Applying transforms...
Pulling batches...
train size: 3638, test size: 3626
torch.Size([16, 3, 224, 224]) torch.Size([16])


In [3]:
# Define device before loading models and optimizer

device = torch.device("cuda" if torch.cuda.is_available() else "cpu")

In [5]:
# Load Models 

from torchvision import models
from torch import nn
import timm

num_classes = len(label2int)

# MobileNetV2
mobilenet = models.mobilenet_v2(weights=True)
mobilenet.classifier[1] = nn.Linear(
    mobilenet.classifier[1].in_features, num_classes)
mobilenet = mobilenet.to(device)

# ResNet18 (standard fc)
resnet = models.resnet18(weights=True)
resnet.fc = nn.Linear(resnet.fc.in_features, num_classes)
resnet = resnet.to(device)

# EfficientNet-B0
effnet = models.efficientnet_b0(weights=True)
in_feats = effnet.classifier[1].in_features
effnet.classifier[1] = nn.Linear(in_feats, num_classes)
effnet = effnet.to(device)

# DenseNet121
densenet = timm.create_model('densenet121', pretrained=True)
in_feats = densenet.classifier.in_features
densenet.classifier = nn.Linear(in_feats, num_classes)
densenet = densenet.to(device)

In [6]:
# Adversarial training loop (FSGM) 
# Reference: https://arxiv.org/pdf/1412.6572

'''
Adversarial training is about becoming aware of the models' security and robustness
The overarching goal of an adversary is to add the least amount of perturbation to the input data to cause the desired misclassification, fooling the model

Fast Gradient Sign Attack (FSGM) is a white-box attack, i.e. the attacker has full knowledge and access to the model (architecture, inputs, outputs, and weights)
which doesn't care of which label the model will give, as long as it misclassifies
Idea: it uses gradients to perturbe inputs and fool the model
How it works: at each batch iteration
 - take an input x and compute gradient of loss wrt x, fixing parameters at current value ('E'ven early in training, neural networks exhibit locally linear behavior — especially in high dimensions.' hence gradient direction is already the "right" one)
 - observe sign of gradient 
 - perturb input in THAT direction (loss will be higher): x' <- x + e*grad
 - train model half with x and half x'
 - for a big enough perturbation e, the model will misclassify x' 
 > result: regularized and more robust model!
'''

import torch.optim as optim

# Normalization stats (same as in transforms)
means = torch.tensor([0.485, 0.456, 0.406], device=device).view(1, 3, 1, 1)
stds  = torch.tensor([0.229, 0.224, 0.225], device=device).view(1, 3, 1, 1)

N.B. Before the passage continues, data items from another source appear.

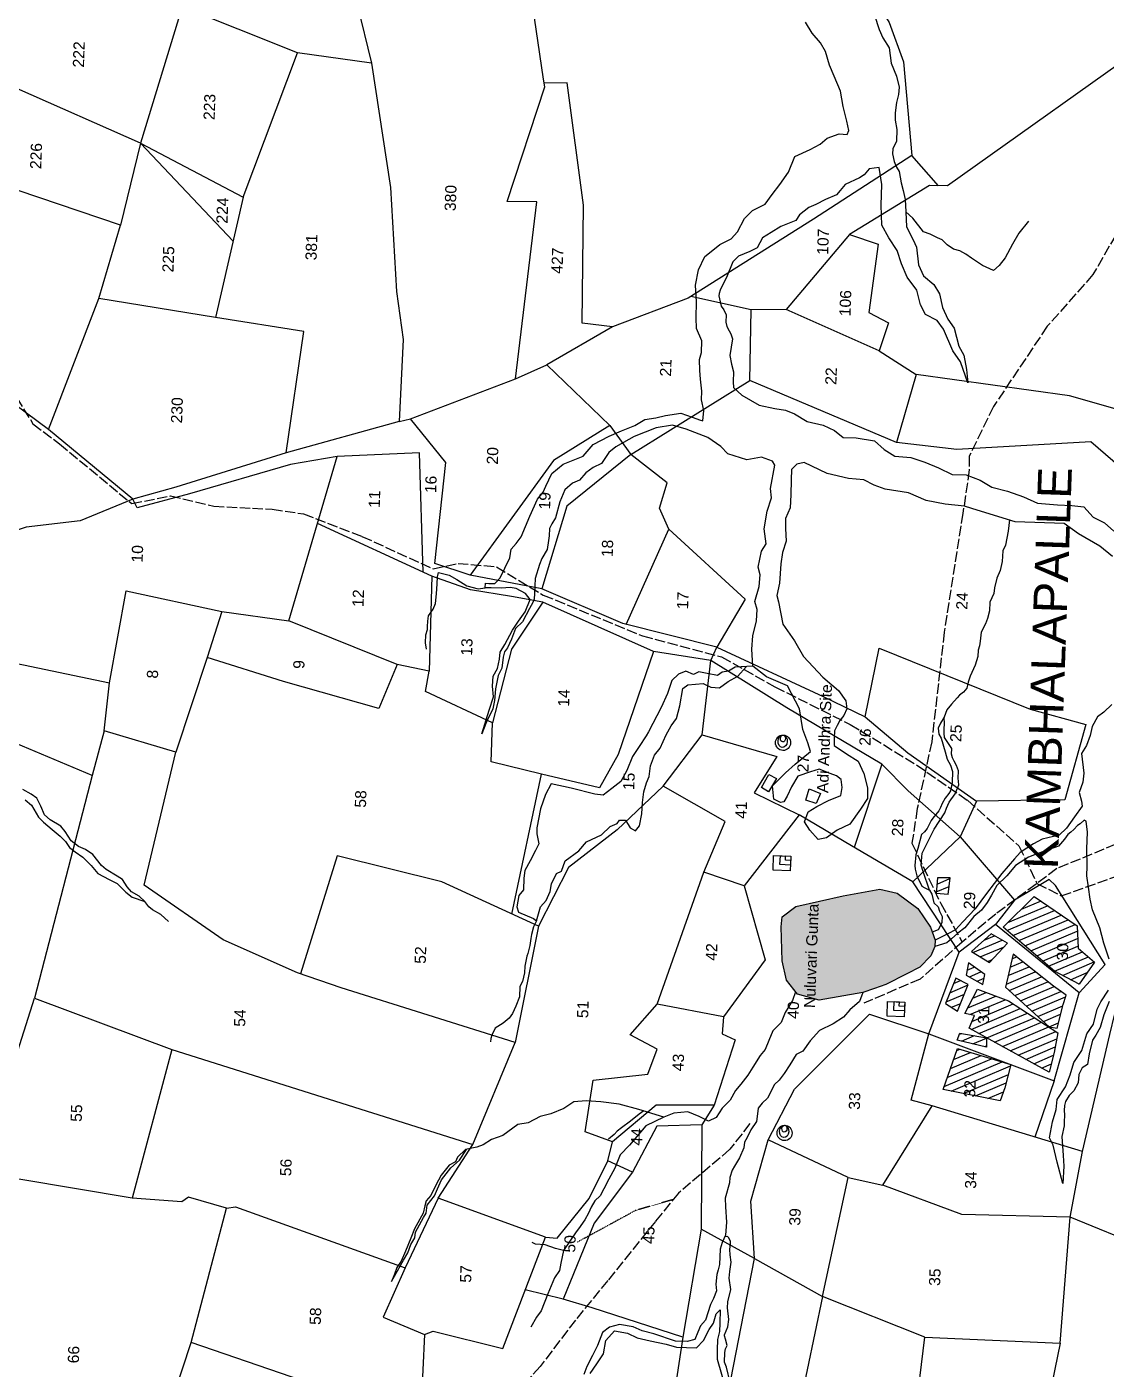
# Model space of a CAD drawing. Header units: inches. Extents: x 342704 to 348847, y 1587316 to 1596013.
# Drawn here: x 345775 to 347028, y 1590039 to 1591597 of the extents above; entities that cross this region are included whole.
import ezdxf

# ---------------------------------------------------------------- set-up
doc = ezdxf.new("R2010")
doc.units = ezdxf.units.IN
doc.header["$MEASUREMENT"] = 0
doc.linetypes.add('ACAD_ISO02W100', pattern=[15, 12, -3])
doc.linetypes.add('ACAD_ISO07W100', pattern=[3, 0, -3])
for name, color, linetype in [('CARTTRACK', 30, 'ACAD_ISO02W100'), ('NALA', 4, 'Continuous'), ('ROUND WELL', 5, 'Continuous'), ('SQUAREWELL', 5, 'Continuous'), ('SURVEY_BND', 7, 'Continuous'), ('SURVEY_NO', 7, 'Continuous'), ('VILLAGE_AREA', 1, 'Continuous'), ('WATER_BODY', 4, 'Continuous')]:
    doc.layers.add(name, color=color, linetype=linetype)
doc.layers.add('FOOTPATH', color=150, linetype='ACAD_ISO07W100', lineweight=30)
doc.styles.get("Standard").update_dxf_attribs({"font": 'arial.ttf'})

msp = doc.modelspace()

# ---------------------------------------------------------------- hatches: boundary and pattern name
at = {"layer": 'VILLAGE_AREA'}
h = msp.add_hatch(dxfattribs=at)
h.set_pattern_fill('ANSI31', color=256, scale=65.076057, angle=157.9733, style=0)
h.set_pattern_definition([(202.97328, (346991.98, 1585218.805), (3.174912, -7.489335), [])])
h.paths.add_polyline_path([(346832.1, 1590609.2), (346830.4, 1590591), (346844.5, 1590590), (346846.6, 1590609.4)])
h.paths.add_polyline_path([(346871.3, 1590523.7), (346892.4, 1590510.9), (346913.1, 1590533.6), (346894.2, 1590544.1)])
h.paths.add_polyline_path([(346868, 1590510.5), (346865.3, 1590496.4), (346884.8, 1590485.5), (346886.8, 1590496.9)])
h.paths.add_polyline_path([(346853.1, 1590493), (346841.3, 1590463.3), (346855.3, 1590454.6), (346867.8, 1590485.5)])
h.paths.add_polyline_path([(346878.4, 1590480), (346863.8, 1590451.7), (346874.8, 1590449.4), (346868.6, 1590434.7), (346961.7, 1590383.6), (346967.6, 1590406.5), (346971.6, 1590429.5), (346914.3, 1590466.4)])
h.paths.add_polyline_path([(346855.3, 1590411.1), (346838.4, 1590363.5), (346904.7, 1590350.4), (346910.3, 1590365.4), (346917.3, 1590392.5)])
h.paths.add_polyline_path([(346858.1, 1590429.1), (346855, 1590421), (346888.9, 1590412.8), (346888.7, 1590423.7)])
h.paths.add_polyline_path([(346944.1, 1590587.5), (346908.2, 1590552), (346967.9, 1590500.8), (346996.3, 1590485.8), (347014.2, 1590511.5), (346995.2, 1590527.7), (346994, 1590553.6)])
h.paths.add_polyline_path([(346919.7, 1590520.7), (346911.1, 1590482.3), (346961.7, 1590436.2), (346970.8, 1590434.9), (346977.7, 1590462.3), (346981.4, 1590473), (346966.6, 1590483.5)])
h.paths.add_polyline_path([(346904.9, 1590340.6), (346911.2, 1590517.9), (346891.7, 1590518.5), (346885.4, 1590341.3)], flags=9)
h.paths.add_polyline_path([(346895.1, 1590436), (346896, 1590461.8), (346876.2, 1590462.5), (346875.3, 1590436.7)], flags=24)
h.paths.add_polyline_path([(346879.1, 1590350.6), (346880, 1590376.4), (346860.2, 1590377.1), (346859.3, 1590351.3)], flags=9)
h.paths.add_polyline_path([(346986.8, 1590509.7), (346987.7, 1590535.5), (346967.9, 1590536.2), (346967, 1590510.4)], flags=24)
at = {"layer": 'WATER_BODY'}
h = msp.add_hatch(dxfattribs=at)
h.set_pattern_fill('DASH', color=256, scale=65.076057, angle=87.9733, style=0)
h.set_pattern_definition([(87.97328, (346991.98, 1585218.805), (-7.841737, 8.4171), [8.134507, -8.134507])])
h.paths.add_polyline_path([(346467.4, 1589118.3), (346454.8, 1589119.2), (346436.2, 1589068), (346448.3, 1589064.5), (346468.6, 1589057.2), (346484.3, 1589049.2), (346508.6, 1589035.5), (346531.4, 1589034.1), (346541.1, 1589040.1), (346545.7, 1589060.6), (346541.4, 1589081.3), (346529.1, 1589093.2), (346512.3, 1589107.4), (346496.9, 1589114.7)])
h.paths.add_polyline_path([(346417.3, 1589107.8), (346408.2, 1589095.5), (346408.1, 1589087.2), (346409.8, 1589079.7), (346414.2, 1589076.3), (346430, 1589069.9), (346436.2, 1589068), (346454.8, 1589119.2), (346449.3, 1589119.5), (346432.1, 1589113.8)])
h.paths.add_polyline_path([(346667.7, 1590576), (346651.6, 1590564.1), (346650.7, 1590552.3), (346651.6, 1590513), (346656.6, 1590490.5), (346669.4, 1590474.1), (346694.6, 1590467.1), (346745.3, 1590476.2), (346758.7, 1590480.7), (346772, 1590485.4), (346796.3, 1590498), (346811.6, 1590505.6), (346824.2, 1590518.8), (346828.9, 1590529.7), (346829.4, 1590537.1), (346823.7, 1590552), (346809.3, 1590573.8), (346785.1, 1590591.6), (346764.9, 1590596.1), (346722.4, 1590588.3)])
h.paths.add_polyline_path([(346503.6, 1589051.3), (346504.8, 1589086.7), (346485, 1589087.4), (346483.8, 1589052)], flags=24)
h.paths.add_polyline_path([(346693.5, 1590454.1), (346698, 1590581.2), (346677.5, 1590581.9), (346673, 1590454.9)], flags=9)

# ---------------------------------------------------------------- linework, layer by layer
at = {"layer": 'CARTTRACK'}
for points in [[(347251.4, 1591614.6), (347200.1, 1591579.9), (347159.8, 1591543.2), (347137, 1591512.9), (347091.4, 1591446.6), (347012.4, 1591309.7), (346959.4, 1591249.7), (346897, 1591156.5), (346868.9, 1591098.8), (346868.9, 1591082.9), (346861.5, 1591032.7), (346839.8, 1590894.4), (346825.3, 1590767.2), (346808.5, 1590689.7), (346802.4, 1590649.7), (346835.7, 1590579.7), (346860.8, 1590534.8), (346811.8, 1590491.7), (346746.4, 1590463.7)], [(345763.3, 1591166.8), (345782.1, 1591136.5), (345813.1, 1591113.2), (345896.8, 1591043.8), (345941.6, 1591052.8), (345992.2, 1591040.8), (346059.9, 1591037.3), (346096.1, 1591031.9), (346164, 1591005.8), (346246.8, 1590968.1), (346275.5, 1590974.4), (346320, 1590970.6), (346374.4, 1590937.7), (346489.6, 1590890.2), (346581.3, 1590865.9), (346643.3, 1590831.1), (346730.8, 1590787.4), (346807.5, 1590740.6), (346866.8, 1590699.4), (346926.6, 1590646.4), (346947.4, 1590602.8), (346975.7, 1590588.4), (347047, 1590613.8)], [(347490.4, 1590637.3), (347386.8, 1590625.9), (347342, 1590618.4), (347268.9, 1590624.5), (347176.5, 1590636.8), (347063.2, 1590651.4), (347039, 1590648.4), (346970.6, 1590620), (346970.6, 1590620), (346970.6, 1590620), (346899.7, 1590567.3), (346860.8, 1590534.8)], [(346614.3, 1590324), (346591.1, 1590294.1), (346531.3, 1590243.1), (346504.6, 1590210.3), (346449.3, 1590141.7), (346411.9, 1590095.9), (346370.8, 1590042), (346325.6, 1589990.4), (346254.7, 1589909.2), (346201.9, 1589839.6), (346126.9, 1589766.9), (346025.5, 1589679.6), (345965.4, 1589626.7), (345925.4, 1589573.7), (345850.9, 1589460.7), (345814.9, 1589401.8), (345773.6, 1589310.7), (345725.4, 1589179.7)]]:
    msp.add_lwpolyline(points, dxfattribs=at)
at = {"layer": 'FOOTPATH', "ltscale": 0.002}
msp.add_lwpolyline([(346525.4, 1590235.8), (346481.7, 1590223.1), (346414.3, 1590186.4)], dxfattribs=at)
at = {"layer": 'NALA'}
for points in [[(346758.9, 1591611), (346764.2, 1591594.5), (346768.5, 1591584.6), (346776, 1591572.9), (346778.4, 1591555.4), (346784.5, 1591540.2), (346787.4, 1591527.3), (346786.6, 1591518.9), (346784.6, 1591509.5), (346783, 1591497.6), (346782.7, 1591489), (346785, 1591478.3), (346784.4, 1591464.6), (346780, 1591455.6), (346779.7, 1591450.1), (346781.7, 1591440.9), (346784.3, 1591434.6), (346787.4, 1591429.3), (346789.9, 1591416.1), (346792.1, 1591407.4), (346794.6, 1591396.9), (346795.3, 1591382.7), (346796, 1591365.2), (346803.9, 1591350.1), (346807.5, 1591341.4), (346810.1, 1591321.1), (346815.9, 1591308.4), (346827.7, 1591298.3), (346834.4, 1591287.5), (346837.9, 1591271.5), (346844.1, 1591258), (346851.5, 1591247.5), (346856.8, 1591226.6), (346862.5, 1591216.1), (346865.6, 1591199.6), (346867.1, 1591183.9), (346858.8, 1591208.5), (346849.7, 1591221.4), (346839, 1591246.2), (346831.5, 1591256.6), (346817.9, 1591263.6), (346812.1, 1591274.8), (346808, 1591291.8), (346796.8, 1591306.9), (346790.3, 1591322.3), (346785.1, 1591337.8), (346775.4, 1591352.3), (346767.3, 1591367.2), (346766.7, 1591390.5), (346767.3, 1591414.5), (346764.3, 1591434), (346752.6, 1591432.6), (346746.8, 1591425.5), (346741.6, 1591422), (346724.8, 1591414.5), (346719.1, 1591407.2), (346714.8, 1591402.3), (346702.1, 1591396.8), (346690.7, 1591391.3), (346682.7, 1591387.6), (346671.8, 1591379.2), (346667.6, 1591372.4), (346650, 1591365.5), (346638.8, 1591358.5), (346629, 1591352.4), (346622.6, 1591341), (346614.3, 1591336.7), (346601.2, 1591331.3), (346594.4, 1591324.6), (346587.2, 1591306.4), (346583.1, 1591298.9), (346579.8, 1591291.8), (346578.5, 1591287.8), (346578.4, 1591285), (346581.1, 1591273.1), (346584, 1591268.8), (346586.8, 1591262.9), (346586.4, 1591254.4), (346587.4, 1591249.5), (346590.4, 1591244.3), (346592.1, 1591241), (346593.9, 1591235.1), (346591.1, 1591215.7), (346592.8, 1591205.9), (346595.1, 1591197), (346594.9, 1591185.3), (346595.2, 1591178.8), (346604.9, 1591169.9), (346624.9, 1591158.3), (346643.4, 1591154.1), (346655.6, 1591152.5), (346665.9, 1591147.9), (346680.7, 1591139.3), (346699.2, 1591134.8), (346712.3, 1591128.6), (346722.5, 1591120.4), (346737.6, 1591120.2), (346758.9, 1591116.6), (346770, 1591106.5), (346782.3, 1591098.8), (346800.9, 1591097.4), (346817.2, 1591091.8), (346833.3, 1591085.5), (346848.9, 1591077.5), (346865.2, 1591077.1), (346881.5, 1591071.2), (346895.1, 1591062.8), (346913.1, 1591058.1), (346931.7, 1591051.7), (346948.1, 1591044.4), (346971.3, 1591042.4), (346988, 1591041.8), (347001.8, 1591040.1), (347012.5, 1591028), (347026, 1591021.6), (347036.7, 1591012)], [(346238.8, 1590874.8), (346237.9, 1590882.3), (346238.2, 1590891.3), (346240, 1590897.7), (346240.2, 1590901.3), (346240.4, 1590907.2), (346241.3, 1590913.4), (346246.5, 1590921.1), (346249.2, 1590928), (346250.7, 1590939.2), (346251.1, 1590950.7), (346251.6, 1590959), (346252.9, 1590963.9), (346265.4, 1590960.7), (346274, 1590955.7), (346285.8, 1590948.3), (346298.9, 1590944.7), (346307.1, 1590946.2), (346307.3, 1590951.4), (346311.3, 1590951.2), (346318.3, 1590951), (346324.6, 1590957.7), (346329.9, 1590969), (346335.5, 1590981), (346337.3, 1590990.9), (346342.9, 1590997.6), (346348.6, 1591005.3), (346358.9, 1591029.3), (346367.6, 1591049), (346374.5, 1591057.3), (346377.4, 1591064.2), (346384.4, 1591078.6), (346397.6, 1591089.7), (346420.6, 1591099), (346432.3, 1591112.5), (346451.1, 1591122.2), (346465.4, 1591128.5), (346480.9, 1591134.4), (346492.4, 1591141.5), (346505.2, 1591143.5), (346516.3, 1591146.2), (346534.3, 1591149), (346547.2, 1591144.3), (346556.8, 1591140.8), (346559.7, 1591140), (346560.8, 1591152.1), (346558.1, 1591164.4), (346558.4, 1591174.2), (346556.9, 1591188.3), (346556.1, 1591198.4), (346555.9, 1591211.2), (346558.2, 1591219.4), (346558.4, 1591232.9), (346552.2, 1591247.3), (346552, 1591259.7), (346552.2, 1591278.3), (346551.1, 1591297.5), (346554.8, 1591315.2), (346561.9, 1591330.9), (346569.4, 1591336.5), (346579.3, 1591344.7), (346592.6, 1591351.3), (346599.9, 1591359.5), (346608.1, 1591375), (346617.4, 1591384.1), (346631.8, 1591391.7), (346640, 1591402.8), (346649.2, 1591414.4), (346659.1, 1591428.7), (346666.5, 1591446.9), (346684.3, 1591455), (346696, 1591461.1), (346703.9, 1591468.3), (346718, 1591473.2), (346727, 1591472.6), (346729.2, 1591477), (346726.6, 1591487.9), (346722.5, 1591505), (346719.3, 1591522.6), (346712.1, 1591540.2), (346706.5, 1591552.8), (346701.9, 1591568.7), (346696.4, 1591579), (346686.6, 1591590), (346678.8, 1591602.9)], [(346937.5, 1591371.8), (346926.3, 1591357.9), (346919.1, 1591345.2), (346910.4, 1591329.3), (346903.6, 1591320.4), (346897.2, 1591314.5), (346884.2, 1591320.4), (346871.5, 1591328.7), (346864.9, 1591333.5), (346857.9, 1591337.3), (346850.5, 1591339.2), (346843.2, 1591344.3), (346837.3, 1591350), (346832.2, 1591352.5), (346823.6, 1591356.6), (346815.9, 1591359.5), (346803.4, 1591375.2), (346795.3, 1591382.7)], [(346617.8, 1590854.9), (346616.4, 1590874.9), (346617.6, 1590890.4), (346621.8, 1590907.6), (346622.7, 1590920.8), (346619.9, 1590930.2), (346625.2, 1590947.6), (346626, 1590961.2), (346624, 1590970.2), (346627.6, 1590988.7), (346633.1, 1590997.2), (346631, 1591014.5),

# Precompute the valid min/max for each channel in *normalized* space
min_val = (0.0 - means) / stds
max_val = (1.0 - means) / stds

def fgsm_attack(model, loss_f, x, y, epsilon):
    """
    Given a batch (x, y), returns adversarial examples x_adv
    via one-step FGSM under L_inf constraint epsilon.
    it needs all the model, loss and inputs parameters as it does a backprop step altogether!
    """
    # Make a copy of x that we can take gradients wrt
    x_copy = x.clone().detach().requires_grad_(True)
    
    # Fw and Bw pass to compute graident of the loss wrt input x 
    outputs = model(x_copy) 
    loss = loss_f(outputs, y)
    model.zero_grad()
    loss.backward()
    
    # Perturbe x!
    sign_grad = x_copy.grad.sign()
    x_adv = x_copy + epsilon * sign_grad
    
    # if your inputs are normalized, you may want to clamp in normalized space
    # here we assume pixel range [0, 1]:
    x_adv = torch.max(torch.min(x_adv, max_val), min_val)
    
    return x_adv.detach()

# Train on adversarial examples 
def train_model_adv(model, loader, epochs=NUM_EPOCHS, epsilon=EPSILON):
    model.train()
    loss_f = nn.CrossEntropyLoss()
    optimizer = optim.Adam(model.parameters(), lr=LEARNING_RATE)
    
    for epoch in range(1, epochs+1):
        total_loss = 0.0
        for batch in loader:
            inputs = batch["pixel_values"].to(device)
            labels = batch["labels"].to(device)
                        
            # Compute perturbed inputs!
            inputs_adv = fgsm_attack(model, loss_f, inputs, labels, epsilon)

            # Train half on perturbed half on clean (concretely averaging losses is the same as combining the dataset)
            outputs_clean = model(inputs)
            outputs_adv = model(inputs_adv)
            loss_clean = loss_f(outputs_clean, labels)
            loss_adv = loss_f(outputs_adv, labels)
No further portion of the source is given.